* [What the task requires]:
Transcribe, exactly and without pictures, the lines below from the line with "[thumbnail: Simulink's stored" to the line with "GreaterThanOrEqual : RelationalOperator", both ends included, and no others.

[Dataset items]

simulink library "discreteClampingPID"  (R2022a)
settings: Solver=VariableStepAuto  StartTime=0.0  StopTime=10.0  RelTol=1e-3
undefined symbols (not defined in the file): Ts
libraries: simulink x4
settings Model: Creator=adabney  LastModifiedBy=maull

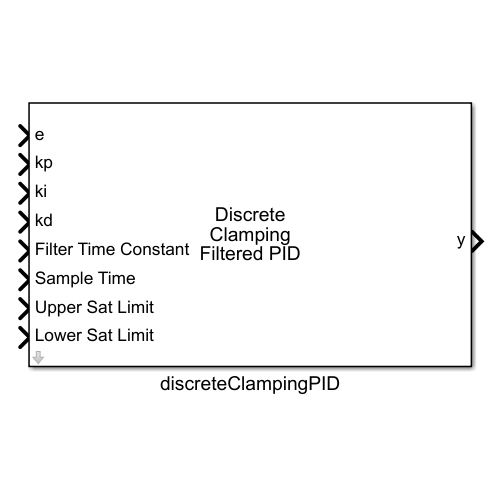
[thumbnail: Simulink's stored preview of the top-level diagram]
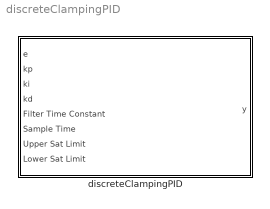
== system discreteClampingPID ==
  discreteClampingPID : Subsystem  mask{kP=1, kI=1, kD=1, tau=1, Ts=Ts, upperLim=0, lowerLim=0}
      mask prompts: kP "Proportional Gain"; kI "Integral Gain"; kD "Derivative Gain"; tau "Filter Time Constant"; Ts "Sample Time"; upperLim "Upper Limit"; lowerLim "Lower Limit"
      mask DialogControl DescTextVar Prompt: Discrete-time Filtered-PID Controller with Integral Clamping. When controller saturates, error signal feeding the integral is turned to zero to prevent integral wind up.
      mask DialogControl ParameterGroupVar Prompt: Controller Inputs
      mask DialogControl Container2 Prompt: Saturation Limits
      mask Display: disp('Discrete\nClamping\nFiltered PID');

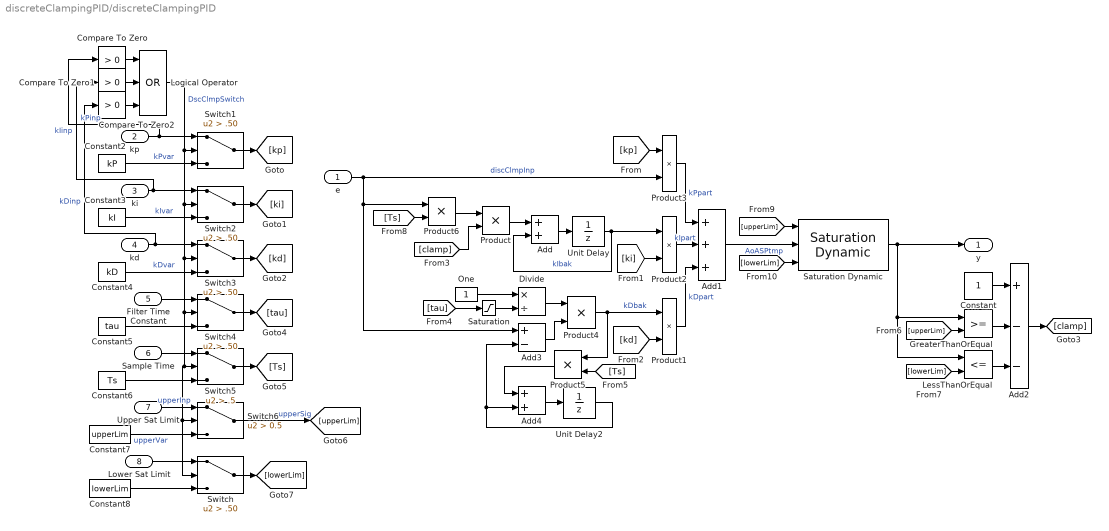
== system discreteClampingPID/discreteClampingPID ==
  e : Inport
  kp : Inport  Port=2
  ki : Inport  Port=3
  kd : Inport  Port=4
  Filter Time Constant : Inport  Port=5
  Sample Time : Inport  Port=6
  Upper Sat Limit : Inport  Port=7
  Lower Sat Limit : Inport  Port=8
  Add : Sum
  Add1 : Sum  Inputs=+++
  Add2 : Sum  Inputs=+--
  Add3 : Sum  Inputs=+-
  Add4 : Sum
  Compare To Zero : simulink/Logic and Bit Operations/Compare To Zero  relop=>  OutDataTypeStr=boolean
  Compare To Zero1 : simulink/Logic and Bit Operations/Compare To Zero  relop=>  OutDataTypeStr=boolean
  Compare To Zero2 : simulink/Logic and Bit Operations/Compare To Zero  relop=>  OutDataTypeStr=boolean
  Constant : Constant
  Constant2 : Constant  Value=kP
  Constant3 : Constant  Value=kI
  Constant4 : Constant  Value=kD
  Constant5 : Constant  Value=tau
  Constant6 : Constant  Value=Ts
  Constant7 : Constant  Value=upperLim
  Constant8 : Constant  Value=lowerLim
  Divide : Product  Inputs=*/
  GreaterThanOrEqual : RelationalOperator  OutDataTypeStr=boolean  RndMeth=Simplest  InputSameDT=off
  LessThanOrEqual : RelationalOperator  Operator=<=  OutDataTypeStr=boolean  RndMeth=Simplest  InputSameDT=off
  Logical Operator : Logic  Operator=OR  Inputs=3  AllPortsSameDT=off  OutDataTypeStr=boolean
  One : Constant  OutDataTypeStr=Inherit: Inherit via back propagation
  Product{,1..6} (7 alike) : Product
  Saturation : Saturate  UpperLimit=1000  LowerLimit=0.02
  Saturation Dynamic : simulink/Discontinuities/Saturation Dynamic  OutMin=[]  OutMax=[]  OutDataTypeStr=Inherit: Same as second input  OutDataType=fixdt(1, 16)  OutScaling=2^-10  DoSatur=off
  Switch{,1..4} (5 alike) : Switch  Criteria=u2 > Threshold  Threshold=.50  SaturateOnIntegerOverflow=off  InputSameDT=off
  Switch5 : Switch  Criteria=u2 > Threshold  Threshold=.5  SaturateOnIntegerOverflow=off  InputSameDT=off
  Switch6 : Switch  Criteria=u2 > Threshold  Threshold=0.5  SaturateOnIntegerOverflow=off  InputSameDT=off
  Unit Delay : UnitDelay  SampleTime=-1  HasFrameUpgradeWarning=on
  Unit Delay2 : UnitDelay  SampleTime=-1  HasFrameUpgradeWarning=on
  y : Outport
  wires:
  Product1/1 -> Add1/3  "kDpart"
  Product3/1 -> Add1/1  "kPpart"
  e/1 -> Product3/2, Add3/1, Product6/1  "discClmpInp"
  [kd] -> Product1/2
  [ki] -> Product2/2
  [kp] -> Product3/1
  Add1/1 -> Saturation Dynamic/2  "AoASPtmp"
  Product2/1 -> Add1/2  "kIpart"
  Add3/1 -> Product4/2
  Saturation Dynamic/1 -> y/1, GreaterThanOrEqual/1, LessThanOrEqual/1
  LessThanOrEqual/1 -> Add2/3
  GreaterThanOrEqual/1 -> Add2/2
  Constant/1 -> Add2/1
  Add/1 -> Unit Delay/1
  Product6/1 -> Product/1
  [clamp] -> Product/2
  Product/1 -> Add/1
  Add2/1 -> [clamp]
  Product4/1 -> Product1/1, Product5/1  "kDbak"
  Add4/1 -> Unit Delay2/1
  Product5/1 -> Add4/1
  Unit Delay/1 -> Product2/1, Add/2  "kIbak"
  Unit Delay2/1 -> Add4/2, Add3/2
  Divide/1 -> Product4/1
  One/1 -> Divide/1
  [Ts] -> Product5/2
  [upperLim] -> GreaterThanOrEqual/2
  [lowerLim] -> LessThanOrEqual/2
  [Ts] -> Product6/2
  [upperLim] -> Saturation Dynamic/1
  [lowerLim] -> Saturation Dynamic/3
  Switch1/1 -> [kp]
  kp/1 -> Compare To Zero/1, Switch1/1  "kPinp"
  Constant2/1 -> Switch1/3  "kPvar"
  Switch2/1 -> [ki]
  Constant3/1 -> Switch2/3  "kIvar"
  ki/1 -> Switch2/1, Compare To Zero1/1  "kIinp"
  kd/1 -> Switch3/1, Compare To Zero2/1  "kDinp"
  Constant4/1 -> Switch3/3  "kDvar"
  Switch3/1 -> [kd]
  Constant5/1 -> Switch4/3
  Switch4/1 -> [tau]
  Filter Time Constant/1 -> Switch4/1
  Sample Time/1 -> Switch5/1
  Switch5/1 -> [Ts]
  Constant6/1 -> Switch5/3
  Switch6/1 -> [upperLim]  "upperSig"
  Switch/1 -> [lowerLim]
  Upper Sat Limit/1 -> Switch6/1  "upperInp"
  Constant7/1 -> Switch6/3  "upperVar"
  Constant8/1 -> Switch/3
  Saturation/1 -> Divide/2
  [tau] -> Saturation/1
  Lower Sat Limit/1 -> Switch/1
  Compare To Zero/1 -> Logical Operator/1
  Compare To Zero1/1 -> Logical Operator/2
  Compare To Zero2/1 -> Logical Operator/3
  Logical Operator/1 -> Switch2/2, Switch3/2, Switch4/2, Switch5/2, Switch6/2, Switch/2, Switch1/2  "DscClmpSwitch"

* [Problem solution]:
[thumbnail: Simulink's stored preview of the top-level diagram]
== system discreteClampingPID ==
  discreteClampingPID : Subsystem  mask{kP=1, kI=1, kD=1, tau=1, Ts=Ts, upperLim=0, lowerLim=0}
      mask prompts: kP "Proportional Gain"; kI "Integral Gain"; kD "Derivative Gain"; tau "Filter Time Constant"; Ts "Sample Time"; upperLim "Upper Limit"; lowerLim "Lower Limit"
      mask DialogControl DescTextVar Prompt: Discrete-time Filtered-PID Controller with Integral Clamping. When controller saturates, error signal feeding the integral is turned to zero to prevent integral wind up.
      mask DialogControl ParameterGroupVar Prompt: Controller Inputs
      mask DialogControl Container2 Prompt: Saturation Limits
      mask Display: disp('Discrete\nClamping\nFiltered PID');

== system discreteClampingPID/discreteClampingPID ==
  e : Inport
  kp : Inport  Port=2
  ki : Inport  Port=3
  kd : Inport  Port=4
  Filter Time Constant : Inport  Port=5
  Sample Time : Inport  Port=6
  Upper Sat Limit : Inport  Port=7
  Lower Sat Limit : Inport  Port=8
  Add : Sum
  Add1 : Sum  Inputs=+++
  Add2 : Sum  Inputs=+--
  Add3 : Sum  Inputs=+-
  Add4 : Sum
  Compare To Zero : simulink/Logic and Bit Operations/Compare To Zero  relop=>  OutDataTypeStr=boolean
  Compare To Zero1 : simulink/Logic and Bit Operations/Compare To Zero  relop=>  OutDataTypeStr=boolean
  Compare To Zero2 : simulink/Logic and Bit Operations/Compare To Zero  relop=>  OutDataTypeStr=boolean
  Constant : Constant
  Constant2 : Constant  Value=kP
  Constant3 : Constant  Value=kI
  Constant4 : Constant  Value=kD
  Constant5 : Constant  Value=tau
  Constant6 : Constant  Value=Ts
  Constant7 : Constant  Value=upperLim
  Constant8 : Constant  Value=lowerLim
  Divide : Product  Inputs=*/
  GreaterThanOrEqual : RelationalOperator  OutDataTypeStr=boolean  RndMeth=Simplest  InputSameDT=off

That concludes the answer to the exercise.